If you were a Google PM trying to drive ad revenue, wouldn’t it be strategically in your best interest to make it look like uBlock Origin Lite worked equally well until uBlock Origin standard was no longer available and only then start introducing anti-ad blocking mitigations that uBlock Origin Lite couldn’t manage due to MV3 constraints?


I'm also a fan.

On my own computer, I prefer Firefox and the full version, but work doesn't allow "all site access" extensions in Chrome, and I'm really thankful for uBO Lite there.

I could definitely see myself switch on Firefox too, once most extensions move to the v3 security model. A hybrid would probably be ideal: v2-like blocking behavior on an opt-in basis per site for where it's needed, with a better default security posture where it isn't.

(Actually I wish Firefox would backport the v3-like "allow site access only after first extension button click" model that Chrome has backported even for v2 extensions, but that's pretty far down on my wishlist.)


Will brave continue to support manifest v2?

Also seems like we can maybe expect a ublock browser in the future.


AFAIK Brave also has its built-in ad blocker, which btw. is good enough for me (you can add lists to it, it's compatible with the usual lists etc.) - so even if for some reason V2 support goes away on the Chromium codebase level, and Brave decides not to keep it in their fork, you still have a decent blocker.


I would invest in that


Reminder that the FBI recommends using ad blockers for security reasons.

This is Google being evil, and proving that they cannot be trusted with the browser.

https://news.ycombinator.com/item?id=34916239


Try chromite comes with Adblock plus and bromite legacy built in.Ffupdater at fdroid has it.


How's Microsoft Edge affected?


Microsoft is linking to Google’s pages regarding timelines, so very similar dates, probably.

https://learn.microsoft.com/en-us/microsoft-edge/extensions-...


People open it for the second time. To download Firefox.


F*ck edge


What about chromium alternatives like Arc and Kiwi? Will they keep manifest V2?

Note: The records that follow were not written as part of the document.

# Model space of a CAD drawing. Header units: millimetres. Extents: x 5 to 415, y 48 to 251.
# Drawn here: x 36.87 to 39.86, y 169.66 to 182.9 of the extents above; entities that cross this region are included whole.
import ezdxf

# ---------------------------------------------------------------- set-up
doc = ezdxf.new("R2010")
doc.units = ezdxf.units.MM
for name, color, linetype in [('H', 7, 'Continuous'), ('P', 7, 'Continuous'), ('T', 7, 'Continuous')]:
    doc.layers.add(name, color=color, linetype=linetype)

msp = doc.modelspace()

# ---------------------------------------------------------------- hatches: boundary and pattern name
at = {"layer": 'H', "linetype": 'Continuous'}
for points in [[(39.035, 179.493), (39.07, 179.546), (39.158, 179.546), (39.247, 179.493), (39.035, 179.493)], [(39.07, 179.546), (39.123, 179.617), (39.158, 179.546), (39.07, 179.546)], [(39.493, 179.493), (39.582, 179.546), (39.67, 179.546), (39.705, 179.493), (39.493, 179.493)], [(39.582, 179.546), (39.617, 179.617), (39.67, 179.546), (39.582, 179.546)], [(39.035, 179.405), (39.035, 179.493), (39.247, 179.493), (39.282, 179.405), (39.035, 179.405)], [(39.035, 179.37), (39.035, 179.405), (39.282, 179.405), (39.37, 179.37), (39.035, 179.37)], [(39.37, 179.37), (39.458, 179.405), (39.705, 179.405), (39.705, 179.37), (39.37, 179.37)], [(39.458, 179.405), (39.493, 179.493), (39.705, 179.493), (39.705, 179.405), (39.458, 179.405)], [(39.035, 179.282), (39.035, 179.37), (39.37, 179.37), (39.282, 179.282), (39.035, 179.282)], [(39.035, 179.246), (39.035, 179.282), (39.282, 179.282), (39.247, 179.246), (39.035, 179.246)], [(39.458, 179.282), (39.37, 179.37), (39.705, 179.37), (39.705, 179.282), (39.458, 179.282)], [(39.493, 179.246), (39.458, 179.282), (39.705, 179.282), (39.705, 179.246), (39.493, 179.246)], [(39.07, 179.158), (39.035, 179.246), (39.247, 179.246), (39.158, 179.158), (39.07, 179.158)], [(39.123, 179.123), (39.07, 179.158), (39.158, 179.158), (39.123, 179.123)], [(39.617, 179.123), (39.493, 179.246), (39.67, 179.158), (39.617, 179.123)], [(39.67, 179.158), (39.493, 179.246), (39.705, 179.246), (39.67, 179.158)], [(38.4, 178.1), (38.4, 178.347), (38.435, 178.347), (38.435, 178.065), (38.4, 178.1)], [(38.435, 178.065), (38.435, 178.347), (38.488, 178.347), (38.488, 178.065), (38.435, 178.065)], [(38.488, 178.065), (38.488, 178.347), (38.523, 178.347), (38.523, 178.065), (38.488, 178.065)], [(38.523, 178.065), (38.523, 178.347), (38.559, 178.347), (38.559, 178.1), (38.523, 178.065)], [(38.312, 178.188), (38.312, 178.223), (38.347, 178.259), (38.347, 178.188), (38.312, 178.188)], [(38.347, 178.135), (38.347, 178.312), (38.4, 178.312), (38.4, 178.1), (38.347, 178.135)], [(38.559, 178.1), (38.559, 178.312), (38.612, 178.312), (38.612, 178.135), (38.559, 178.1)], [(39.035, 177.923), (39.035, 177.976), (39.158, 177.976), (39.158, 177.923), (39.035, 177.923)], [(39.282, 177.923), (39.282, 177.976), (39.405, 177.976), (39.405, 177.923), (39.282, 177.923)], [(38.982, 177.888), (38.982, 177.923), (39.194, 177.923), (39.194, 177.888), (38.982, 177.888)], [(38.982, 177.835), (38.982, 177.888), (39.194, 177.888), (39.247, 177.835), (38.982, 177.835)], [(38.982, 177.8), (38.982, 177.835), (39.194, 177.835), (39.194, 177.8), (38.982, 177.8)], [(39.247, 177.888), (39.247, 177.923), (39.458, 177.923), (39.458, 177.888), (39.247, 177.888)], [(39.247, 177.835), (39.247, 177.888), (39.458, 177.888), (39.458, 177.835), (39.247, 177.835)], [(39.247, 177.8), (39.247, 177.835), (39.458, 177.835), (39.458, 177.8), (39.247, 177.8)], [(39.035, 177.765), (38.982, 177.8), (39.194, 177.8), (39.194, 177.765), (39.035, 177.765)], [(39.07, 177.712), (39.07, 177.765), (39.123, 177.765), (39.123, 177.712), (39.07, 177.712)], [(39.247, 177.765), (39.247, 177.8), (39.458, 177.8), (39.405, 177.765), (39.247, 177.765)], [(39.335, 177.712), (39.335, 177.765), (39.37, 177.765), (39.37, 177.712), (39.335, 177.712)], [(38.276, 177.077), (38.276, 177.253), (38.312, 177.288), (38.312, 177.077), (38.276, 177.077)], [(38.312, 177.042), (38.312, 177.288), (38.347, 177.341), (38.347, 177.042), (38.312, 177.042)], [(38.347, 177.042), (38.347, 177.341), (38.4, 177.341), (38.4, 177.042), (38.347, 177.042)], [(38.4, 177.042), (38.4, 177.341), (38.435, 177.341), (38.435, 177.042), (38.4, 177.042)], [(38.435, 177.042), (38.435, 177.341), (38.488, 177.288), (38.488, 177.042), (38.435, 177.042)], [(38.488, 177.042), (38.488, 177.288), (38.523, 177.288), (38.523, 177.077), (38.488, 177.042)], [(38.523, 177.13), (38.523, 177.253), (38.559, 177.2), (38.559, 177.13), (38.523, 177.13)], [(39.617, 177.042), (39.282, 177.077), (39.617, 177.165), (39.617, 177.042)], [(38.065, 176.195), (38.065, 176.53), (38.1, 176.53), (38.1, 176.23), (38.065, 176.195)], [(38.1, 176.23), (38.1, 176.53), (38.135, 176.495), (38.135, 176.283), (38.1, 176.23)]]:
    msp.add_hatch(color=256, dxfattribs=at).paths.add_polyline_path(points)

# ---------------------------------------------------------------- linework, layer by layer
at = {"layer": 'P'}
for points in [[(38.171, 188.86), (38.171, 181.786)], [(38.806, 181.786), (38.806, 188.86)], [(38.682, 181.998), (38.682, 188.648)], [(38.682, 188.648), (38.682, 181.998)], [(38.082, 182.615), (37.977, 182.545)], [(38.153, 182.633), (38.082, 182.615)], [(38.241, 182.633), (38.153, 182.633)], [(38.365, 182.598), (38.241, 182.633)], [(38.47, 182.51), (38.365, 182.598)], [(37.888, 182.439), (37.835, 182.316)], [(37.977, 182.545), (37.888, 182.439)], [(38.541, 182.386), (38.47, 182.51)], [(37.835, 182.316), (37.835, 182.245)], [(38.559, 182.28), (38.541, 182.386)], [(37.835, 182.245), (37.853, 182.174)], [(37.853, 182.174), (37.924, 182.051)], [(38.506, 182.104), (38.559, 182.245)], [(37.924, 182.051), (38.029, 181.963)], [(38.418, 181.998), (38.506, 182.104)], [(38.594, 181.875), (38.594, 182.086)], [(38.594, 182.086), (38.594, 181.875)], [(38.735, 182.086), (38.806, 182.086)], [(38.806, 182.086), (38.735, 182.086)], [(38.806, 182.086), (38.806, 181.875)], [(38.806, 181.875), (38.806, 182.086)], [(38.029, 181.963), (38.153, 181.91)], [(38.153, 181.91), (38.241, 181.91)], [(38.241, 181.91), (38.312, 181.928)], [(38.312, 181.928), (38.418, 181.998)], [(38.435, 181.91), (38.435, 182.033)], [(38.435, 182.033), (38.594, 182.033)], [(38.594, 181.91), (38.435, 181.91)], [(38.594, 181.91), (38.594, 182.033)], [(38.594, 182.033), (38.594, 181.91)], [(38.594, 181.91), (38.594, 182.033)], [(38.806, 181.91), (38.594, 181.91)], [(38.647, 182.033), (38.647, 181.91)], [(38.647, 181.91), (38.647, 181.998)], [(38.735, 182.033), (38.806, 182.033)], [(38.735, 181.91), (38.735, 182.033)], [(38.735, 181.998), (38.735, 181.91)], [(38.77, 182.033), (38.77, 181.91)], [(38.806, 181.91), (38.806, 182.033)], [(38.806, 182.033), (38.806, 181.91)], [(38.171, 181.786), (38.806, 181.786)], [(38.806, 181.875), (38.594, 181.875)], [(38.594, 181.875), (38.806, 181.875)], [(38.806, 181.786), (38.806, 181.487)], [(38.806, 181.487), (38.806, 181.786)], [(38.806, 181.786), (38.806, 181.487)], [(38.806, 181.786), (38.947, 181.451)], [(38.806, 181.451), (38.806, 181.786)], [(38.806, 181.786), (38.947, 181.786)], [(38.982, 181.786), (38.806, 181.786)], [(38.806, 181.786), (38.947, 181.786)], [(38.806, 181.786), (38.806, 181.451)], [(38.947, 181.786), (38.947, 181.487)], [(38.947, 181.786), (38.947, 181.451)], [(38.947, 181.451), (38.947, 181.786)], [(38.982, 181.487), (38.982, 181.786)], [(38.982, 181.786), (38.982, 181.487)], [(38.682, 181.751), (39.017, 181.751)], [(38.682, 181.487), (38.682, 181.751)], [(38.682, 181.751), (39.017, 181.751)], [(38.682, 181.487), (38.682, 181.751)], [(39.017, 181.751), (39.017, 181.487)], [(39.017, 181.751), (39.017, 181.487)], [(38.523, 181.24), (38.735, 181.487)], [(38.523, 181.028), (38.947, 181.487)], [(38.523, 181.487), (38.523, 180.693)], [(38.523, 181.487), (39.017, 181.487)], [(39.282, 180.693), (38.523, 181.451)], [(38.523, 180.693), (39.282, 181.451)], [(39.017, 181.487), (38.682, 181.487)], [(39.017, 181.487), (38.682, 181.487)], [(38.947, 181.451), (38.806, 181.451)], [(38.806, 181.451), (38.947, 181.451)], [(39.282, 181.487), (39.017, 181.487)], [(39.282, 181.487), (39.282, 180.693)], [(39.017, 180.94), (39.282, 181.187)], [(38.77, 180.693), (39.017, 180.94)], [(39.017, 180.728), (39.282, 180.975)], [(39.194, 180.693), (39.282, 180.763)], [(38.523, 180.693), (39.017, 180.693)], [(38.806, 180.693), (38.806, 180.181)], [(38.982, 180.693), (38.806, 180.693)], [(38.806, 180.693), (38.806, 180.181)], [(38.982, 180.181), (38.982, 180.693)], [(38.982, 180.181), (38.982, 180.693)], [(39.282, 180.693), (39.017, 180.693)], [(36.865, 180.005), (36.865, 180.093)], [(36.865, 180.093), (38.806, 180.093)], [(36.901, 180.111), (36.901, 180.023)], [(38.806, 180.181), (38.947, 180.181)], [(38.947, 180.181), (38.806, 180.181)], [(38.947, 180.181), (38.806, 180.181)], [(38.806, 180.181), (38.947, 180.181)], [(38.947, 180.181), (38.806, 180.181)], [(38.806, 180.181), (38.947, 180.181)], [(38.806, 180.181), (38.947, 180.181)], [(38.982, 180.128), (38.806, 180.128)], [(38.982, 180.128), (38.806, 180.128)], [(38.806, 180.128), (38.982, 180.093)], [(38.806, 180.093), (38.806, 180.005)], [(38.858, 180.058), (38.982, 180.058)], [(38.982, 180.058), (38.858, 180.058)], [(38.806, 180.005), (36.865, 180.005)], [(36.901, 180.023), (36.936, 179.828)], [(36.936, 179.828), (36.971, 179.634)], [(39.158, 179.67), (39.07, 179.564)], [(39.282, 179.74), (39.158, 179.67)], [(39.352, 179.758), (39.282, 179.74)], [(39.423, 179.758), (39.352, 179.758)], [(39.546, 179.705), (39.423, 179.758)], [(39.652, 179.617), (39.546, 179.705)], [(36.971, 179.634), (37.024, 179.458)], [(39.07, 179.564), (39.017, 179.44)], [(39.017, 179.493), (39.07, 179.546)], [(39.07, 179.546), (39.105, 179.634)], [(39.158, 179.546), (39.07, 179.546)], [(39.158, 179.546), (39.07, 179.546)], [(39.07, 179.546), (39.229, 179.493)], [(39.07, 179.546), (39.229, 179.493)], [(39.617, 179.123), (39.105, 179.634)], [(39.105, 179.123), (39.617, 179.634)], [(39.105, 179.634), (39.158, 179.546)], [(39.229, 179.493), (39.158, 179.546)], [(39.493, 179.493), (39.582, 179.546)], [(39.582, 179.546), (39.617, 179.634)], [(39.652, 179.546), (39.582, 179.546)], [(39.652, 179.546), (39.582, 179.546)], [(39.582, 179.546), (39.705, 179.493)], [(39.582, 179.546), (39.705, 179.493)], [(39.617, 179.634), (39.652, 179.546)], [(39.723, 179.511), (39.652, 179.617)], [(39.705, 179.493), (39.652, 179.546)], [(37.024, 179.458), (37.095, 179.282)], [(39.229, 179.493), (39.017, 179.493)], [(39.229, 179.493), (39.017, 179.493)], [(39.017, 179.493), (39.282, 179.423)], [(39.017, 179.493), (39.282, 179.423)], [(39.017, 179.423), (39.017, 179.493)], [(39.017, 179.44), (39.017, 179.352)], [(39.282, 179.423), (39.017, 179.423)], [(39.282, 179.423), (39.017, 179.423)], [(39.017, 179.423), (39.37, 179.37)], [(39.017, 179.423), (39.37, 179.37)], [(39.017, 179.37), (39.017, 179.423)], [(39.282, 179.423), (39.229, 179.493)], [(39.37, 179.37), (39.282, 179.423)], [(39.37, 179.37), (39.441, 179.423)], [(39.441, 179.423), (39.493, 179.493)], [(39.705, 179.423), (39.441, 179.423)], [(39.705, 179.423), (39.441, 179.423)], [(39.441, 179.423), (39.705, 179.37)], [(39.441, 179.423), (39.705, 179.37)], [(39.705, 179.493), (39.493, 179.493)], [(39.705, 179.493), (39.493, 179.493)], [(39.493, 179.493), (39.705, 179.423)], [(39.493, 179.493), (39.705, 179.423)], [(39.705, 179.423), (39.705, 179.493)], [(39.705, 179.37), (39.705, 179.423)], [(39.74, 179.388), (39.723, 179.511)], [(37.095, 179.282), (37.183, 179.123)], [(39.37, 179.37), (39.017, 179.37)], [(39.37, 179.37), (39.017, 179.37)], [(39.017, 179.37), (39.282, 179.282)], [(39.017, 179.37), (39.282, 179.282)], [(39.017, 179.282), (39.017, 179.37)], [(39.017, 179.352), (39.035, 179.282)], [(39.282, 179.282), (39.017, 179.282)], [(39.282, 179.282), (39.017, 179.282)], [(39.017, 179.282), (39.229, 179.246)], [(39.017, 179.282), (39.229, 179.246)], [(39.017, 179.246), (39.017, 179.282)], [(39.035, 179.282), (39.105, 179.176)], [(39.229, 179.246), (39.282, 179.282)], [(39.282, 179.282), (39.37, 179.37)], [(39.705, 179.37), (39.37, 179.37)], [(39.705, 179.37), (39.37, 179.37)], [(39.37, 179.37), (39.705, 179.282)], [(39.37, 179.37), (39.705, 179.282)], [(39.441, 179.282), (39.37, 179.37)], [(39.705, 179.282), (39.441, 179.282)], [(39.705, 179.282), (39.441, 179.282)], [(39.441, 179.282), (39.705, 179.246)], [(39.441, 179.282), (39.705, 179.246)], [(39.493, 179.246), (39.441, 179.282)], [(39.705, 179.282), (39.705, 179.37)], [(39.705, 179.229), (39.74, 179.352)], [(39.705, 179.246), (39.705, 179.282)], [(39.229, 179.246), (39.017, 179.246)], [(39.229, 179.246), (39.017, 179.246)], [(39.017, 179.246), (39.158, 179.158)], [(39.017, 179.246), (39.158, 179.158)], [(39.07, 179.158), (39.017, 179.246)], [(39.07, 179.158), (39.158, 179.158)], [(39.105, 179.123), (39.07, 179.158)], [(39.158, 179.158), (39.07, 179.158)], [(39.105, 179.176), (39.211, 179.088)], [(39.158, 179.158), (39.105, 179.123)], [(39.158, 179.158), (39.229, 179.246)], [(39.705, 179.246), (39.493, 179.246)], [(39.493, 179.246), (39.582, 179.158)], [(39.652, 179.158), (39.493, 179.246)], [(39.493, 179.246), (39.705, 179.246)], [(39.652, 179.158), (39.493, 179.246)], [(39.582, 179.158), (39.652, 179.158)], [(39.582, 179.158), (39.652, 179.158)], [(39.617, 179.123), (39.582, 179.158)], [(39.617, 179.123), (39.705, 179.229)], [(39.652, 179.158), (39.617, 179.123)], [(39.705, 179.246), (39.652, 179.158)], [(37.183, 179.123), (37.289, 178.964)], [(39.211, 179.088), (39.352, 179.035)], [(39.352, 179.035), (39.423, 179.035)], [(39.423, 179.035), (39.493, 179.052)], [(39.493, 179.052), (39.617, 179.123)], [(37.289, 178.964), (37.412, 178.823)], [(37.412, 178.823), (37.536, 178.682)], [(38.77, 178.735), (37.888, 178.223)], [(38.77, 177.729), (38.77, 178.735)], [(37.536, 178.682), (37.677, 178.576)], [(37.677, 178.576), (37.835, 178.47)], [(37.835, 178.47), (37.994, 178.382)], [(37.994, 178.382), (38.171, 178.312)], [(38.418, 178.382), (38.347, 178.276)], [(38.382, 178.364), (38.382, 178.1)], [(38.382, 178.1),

if they are chromium based and google pulls the v2 out of chromium, then it would be up to the forks to maintain v2 being re-added and security updates being applied and maintained ny their teams

a better question is why does one _need_ chrome; or to use strictly one browser for that matter? bookmarks are literally a text list of urls (many alterneratives to sharing these between browsers/devices); history features (to my useage needs the history features have lacked since the browser was invented). shared sessions, like resuming a video between devices - can be done via logging into many sites. saved passwords? dont save passwords in the browser- - many alternatives exist.

try not to limit yourself in the tools which are available, there are many and they are not hard to learn

tried LibreWolf yet?

edit: some sentense restructering


Chrome is ahead of the curve, driving innovation and making the internet a better place, again and again and again.


I hope this was sarcastic


When people realize how insufferable the internet is without an Adblocker they’ll have no choice but switch to Firefox.


While I can't recommend enough giving Firefox another try, uBlock Lite (the Manifest V3 version) is actually decent.

I'm not sure if that downside of Chrome will be enough to make many people switch – it's too slow a boil for many frogs to notice, I'm afraid.